After the initial evaluation of the couple by reproductive endocrinologist as well as genetic counseling and genetic set-up is complete, the couple moves forward with an IVF/PGD cycle.
The key to success is a combination of the reproductive endocrinology physician, embryology lab as well as genetic lab working together and coordinating efforts.
The role of the reproductive endocrinologist is to optimize of IVF stimulation and choose just the right amount of hormones needed for ovarian stimulation, careful monitoring, and performing oocyte retrieval and embryo transfer procedures efficiently.
The embryology lab has to be very skilled in micromanipulations, including ICSI, embryo biopsy at every stage of development (polar bodies, blastomere on day 3 of embryo development, as well as blastocyst biopsy), and has to be able to culture embryo until blastocyst stage( day 5-6 embryo culture), and have efficient embryo vitrification program (freezing ).
The top notch genetic facility will also be able to testing for specific genetic mutation as well as to perform Linkage Analysis as well as experience with a variety of different techniques including FISH, PCR, Microarray or array CGH.

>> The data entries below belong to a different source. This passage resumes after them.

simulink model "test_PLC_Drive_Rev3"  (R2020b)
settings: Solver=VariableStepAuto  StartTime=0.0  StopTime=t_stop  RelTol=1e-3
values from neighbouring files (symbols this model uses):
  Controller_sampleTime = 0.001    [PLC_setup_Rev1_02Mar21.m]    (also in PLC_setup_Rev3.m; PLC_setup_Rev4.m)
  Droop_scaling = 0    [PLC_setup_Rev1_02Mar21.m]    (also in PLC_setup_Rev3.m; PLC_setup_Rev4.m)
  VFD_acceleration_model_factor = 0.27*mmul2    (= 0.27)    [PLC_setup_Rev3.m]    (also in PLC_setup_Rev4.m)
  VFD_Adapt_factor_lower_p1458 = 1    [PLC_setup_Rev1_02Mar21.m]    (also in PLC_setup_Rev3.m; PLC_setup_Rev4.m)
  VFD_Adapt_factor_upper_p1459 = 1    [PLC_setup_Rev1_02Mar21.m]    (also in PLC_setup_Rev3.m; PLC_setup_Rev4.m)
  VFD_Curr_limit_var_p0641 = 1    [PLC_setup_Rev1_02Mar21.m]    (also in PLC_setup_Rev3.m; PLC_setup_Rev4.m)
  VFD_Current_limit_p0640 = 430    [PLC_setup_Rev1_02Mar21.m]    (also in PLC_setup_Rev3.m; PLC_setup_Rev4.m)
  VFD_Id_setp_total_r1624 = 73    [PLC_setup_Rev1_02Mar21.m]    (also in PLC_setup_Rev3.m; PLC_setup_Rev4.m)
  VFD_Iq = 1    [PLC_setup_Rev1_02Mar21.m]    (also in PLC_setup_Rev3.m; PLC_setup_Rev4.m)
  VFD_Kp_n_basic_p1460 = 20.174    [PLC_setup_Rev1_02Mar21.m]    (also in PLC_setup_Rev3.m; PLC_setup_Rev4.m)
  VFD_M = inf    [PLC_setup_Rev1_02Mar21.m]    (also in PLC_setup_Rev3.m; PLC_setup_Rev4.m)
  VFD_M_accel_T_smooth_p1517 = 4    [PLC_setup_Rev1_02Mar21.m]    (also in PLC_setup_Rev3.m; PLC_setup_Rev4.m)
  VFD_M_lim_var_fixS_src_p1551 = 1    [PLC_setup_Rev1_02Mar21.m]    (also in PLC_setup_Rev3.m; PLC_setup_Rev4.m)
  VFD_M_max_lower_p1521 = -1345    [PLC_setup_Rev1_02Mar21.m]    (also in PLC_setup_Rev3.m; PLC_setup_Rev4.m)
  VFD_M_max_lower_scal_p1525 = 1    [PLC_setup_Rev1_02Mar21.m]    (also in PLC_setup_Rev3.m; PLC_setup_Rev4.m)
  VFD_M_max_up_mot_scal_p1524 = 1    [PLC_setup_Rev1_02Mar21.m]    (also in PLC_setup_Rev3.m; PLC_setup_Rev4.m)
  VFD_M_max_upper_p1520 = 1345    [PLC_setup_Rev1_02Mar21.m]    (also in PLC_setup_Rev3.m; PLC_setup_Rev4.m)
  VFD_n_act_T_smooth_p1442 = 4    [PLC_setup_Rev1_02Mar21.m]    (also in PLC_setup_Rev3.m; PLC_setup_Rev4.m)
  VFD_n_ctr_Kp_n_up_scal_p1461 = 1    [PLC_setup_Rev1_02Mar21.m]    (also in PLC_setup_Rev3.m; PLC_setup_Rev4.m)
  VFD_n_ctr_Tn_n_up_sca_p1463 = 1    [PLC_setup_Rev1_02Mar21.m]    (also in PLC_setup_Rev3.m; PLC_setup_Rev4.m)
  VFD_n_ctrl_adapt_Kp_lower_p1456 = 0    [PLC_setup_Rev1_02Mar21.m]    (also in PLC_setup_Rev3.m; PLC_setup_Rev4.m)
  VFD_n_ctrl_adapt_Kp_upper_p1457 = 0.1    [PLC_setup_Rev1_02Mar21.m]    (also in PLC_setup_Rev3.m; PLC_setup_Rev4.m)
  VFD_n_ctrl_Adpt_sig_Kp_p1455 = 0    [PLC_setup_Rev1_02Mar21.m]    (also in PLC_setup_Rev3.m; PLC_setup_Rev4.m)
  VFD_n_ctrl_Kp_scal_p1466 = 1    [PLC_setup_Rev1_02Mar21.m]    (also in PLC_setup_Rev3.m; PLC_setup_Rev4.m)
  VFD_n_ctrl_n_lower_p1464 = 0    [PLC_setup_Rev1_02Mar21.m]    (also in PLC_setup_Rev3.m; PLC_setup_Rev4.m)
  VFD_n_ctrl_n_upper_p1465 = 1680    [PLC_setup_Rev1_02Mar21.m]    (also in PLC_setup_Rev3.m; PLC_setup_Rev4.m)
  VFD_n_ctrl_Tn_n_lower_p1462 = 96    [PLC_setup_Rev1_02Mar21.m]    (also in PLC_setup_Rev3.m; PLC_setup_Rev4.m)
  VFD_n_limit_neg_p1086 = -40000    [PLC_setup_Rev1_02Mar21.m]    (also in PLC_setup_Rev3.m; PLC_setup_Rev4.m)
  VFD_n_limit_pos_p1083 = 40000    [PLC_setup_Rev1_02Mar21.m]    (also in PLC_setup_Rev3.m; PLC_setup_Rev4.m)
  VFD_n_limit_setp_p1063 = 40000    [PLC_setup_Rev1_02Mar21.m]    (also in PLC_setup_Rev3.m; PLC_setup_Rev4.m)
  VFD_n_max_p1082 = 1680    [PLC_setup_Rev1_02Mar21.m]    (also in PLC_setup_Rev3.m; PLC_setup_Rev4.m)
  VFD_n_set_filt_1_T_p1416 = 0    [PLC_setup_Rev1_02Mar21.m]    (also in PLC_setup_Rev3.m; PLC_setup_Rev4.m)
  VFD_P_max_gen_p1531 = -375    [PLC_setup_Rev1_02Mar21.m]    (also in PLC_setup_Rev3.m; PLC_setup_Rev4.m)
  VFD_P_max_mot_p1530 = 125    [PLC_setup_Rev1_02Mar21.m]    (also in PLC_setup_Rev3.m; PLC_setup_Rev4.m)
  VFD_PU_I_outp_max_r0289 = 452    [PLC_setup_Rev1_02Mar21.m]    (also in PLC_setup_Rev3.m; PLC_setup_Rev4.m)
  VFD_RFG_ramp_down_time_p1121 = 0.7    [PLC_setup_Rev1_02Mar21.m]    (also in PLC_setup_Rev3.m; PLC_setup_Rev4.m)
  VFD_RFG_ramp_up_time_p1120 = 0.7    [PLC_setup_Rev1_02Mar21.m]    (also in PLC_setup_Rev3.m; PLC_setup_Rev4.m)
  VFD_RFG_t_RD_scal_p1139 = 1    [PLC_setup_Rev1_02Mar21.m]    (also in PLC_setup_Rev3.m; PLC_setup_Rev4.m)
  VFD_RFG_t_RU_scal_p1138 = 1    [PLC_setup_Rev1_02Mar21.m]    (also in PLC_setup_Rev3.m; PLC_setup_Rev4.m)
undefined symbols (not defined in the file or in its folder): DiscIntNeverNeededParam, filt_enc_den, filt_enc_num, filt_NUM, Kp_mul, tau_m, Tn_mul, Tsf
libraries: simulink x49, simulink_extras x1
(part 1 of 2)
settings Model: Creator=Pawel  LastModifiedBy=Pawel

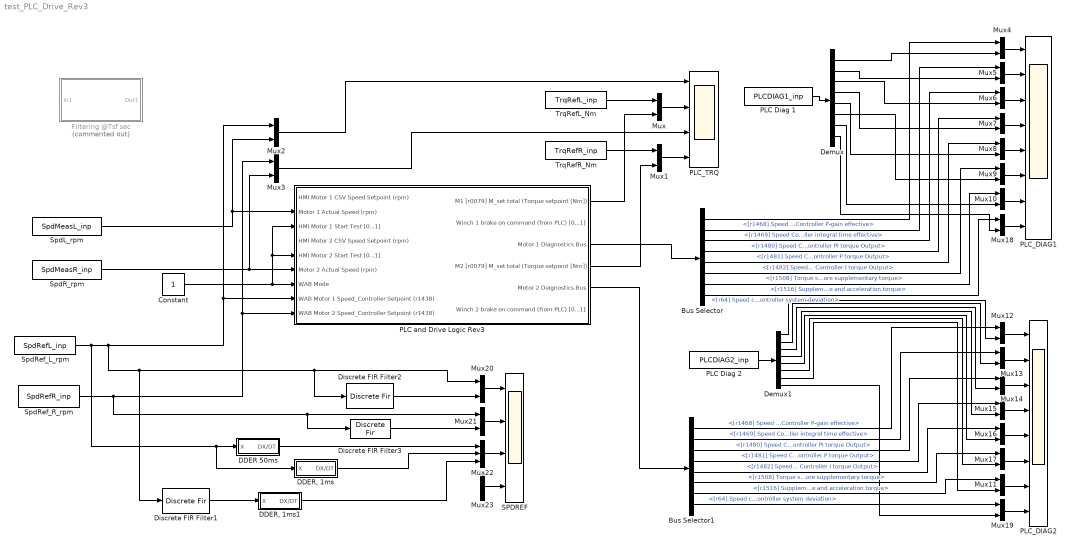
== system test_PLC_Drive_Rev3 ==
  Bus Selector : BusSelector  OutputSignals=signal1.[r1468] Speed Controller P-gain effective,signal1.[r1469] Speed Controller integral time effective,signal1.[r1480] Speed Controller PI torque Output,signal1.[r1481] Speed Controller P torque Output,signal1.[r1482] Speed Controller I torque Output,signal1.[r1508] Torque setpoint before supplementary torque,signal1.[r1516] Supplementary torque and acceleration torque,signal1.[r64] Speed controller system deviation
  Bus Selector1 : BusSelector  OutputSignals=signal1.[r1468] Speed Controller P-gain effective,signal1.[r1469] Speed Controller integral time effective,signal1.[r1480] Speed Controller PI torque Output,signal1.[r1481] Speed Controller P torque Output,signal1.[r1482] Speed Controller I torque Output,signal1.[r1508] Torque setpoint before supplementary torque,signal1.[r1516] Supplementary torque and acceleration torque,signal1.[r64] Speed controller system deviation
  Constant : Constant
  DDER 50ms : Subsystem  TreatAsAtomicUnit=on  SystemSampleTime=0.05
  "DDER, 1ms" : Subsystem  TreatAsAtomicUnit=on  SystemSampleTime=0.001
  "DDER, 1ms1" : Subsystem  TreatAsAtomicUnit=on  SystemSampleTime=0.001
  Demux : Demux  Outputs=8
  Demux1 : Demux  Outputs=8
  Discrete FIR Filter1 : DiscreteFir  Coefficients=filt_NUM  SampleTime=Controller_sampleTime
  Discrete FIR Filter2 : DiscreteFir  Coefficients=filt_NUM  SampleTime=Controller_sampleTime
  Discrete FIR Filter3 : DiscreteFir  Coefficients=filt_NUM  SampleTime=Controller_sampleTime
  Filtering @Tsf sec : Subsystem  Commented=on  TreatAsAtomicUnit=on  SystemSampleTime=Tsf
  Mux{,1..21} (22 alike) : Mux  Inputs=2
  Mux22 : Mux  Inputs=3
  Mux23 : Mux  Inputs=3
  PLC Diag 1 : FromWorkspace  VariableName=PLCDIAG1_inp  OutputAfterFinalValue=Holding final value
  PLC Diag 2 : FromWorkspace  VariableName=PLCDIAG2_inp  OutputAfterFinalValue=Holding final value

Then begins the ‘Numbers Game’. The more embryos are created, the better chance of some of the embryos that are developing well in culture to be free of Huntington’s disease and suitable for embryo transfer.
If the Father does not want to know if he indeed has the gene and consequently will develop the Huntington’s disease itself, the genetic testing is based not on identifying the mutation responsible for the Huntington’s disease, but on linkage analysis – the study of small polymorphic regions of the specific chromosomes that can potentially exclude the embryos carrying the chromosome received from affected grand-parent.
And the results? After going through this complicated process and working closely with the physician, embryology lab, and the team of geneticist, the couple conceived a Huntington’s disease free twin gestation and was discharge to an Obstetrician to monitor what we hope to be a continued healthy and happy pregnancy!
Our job is done here…Sleep well children!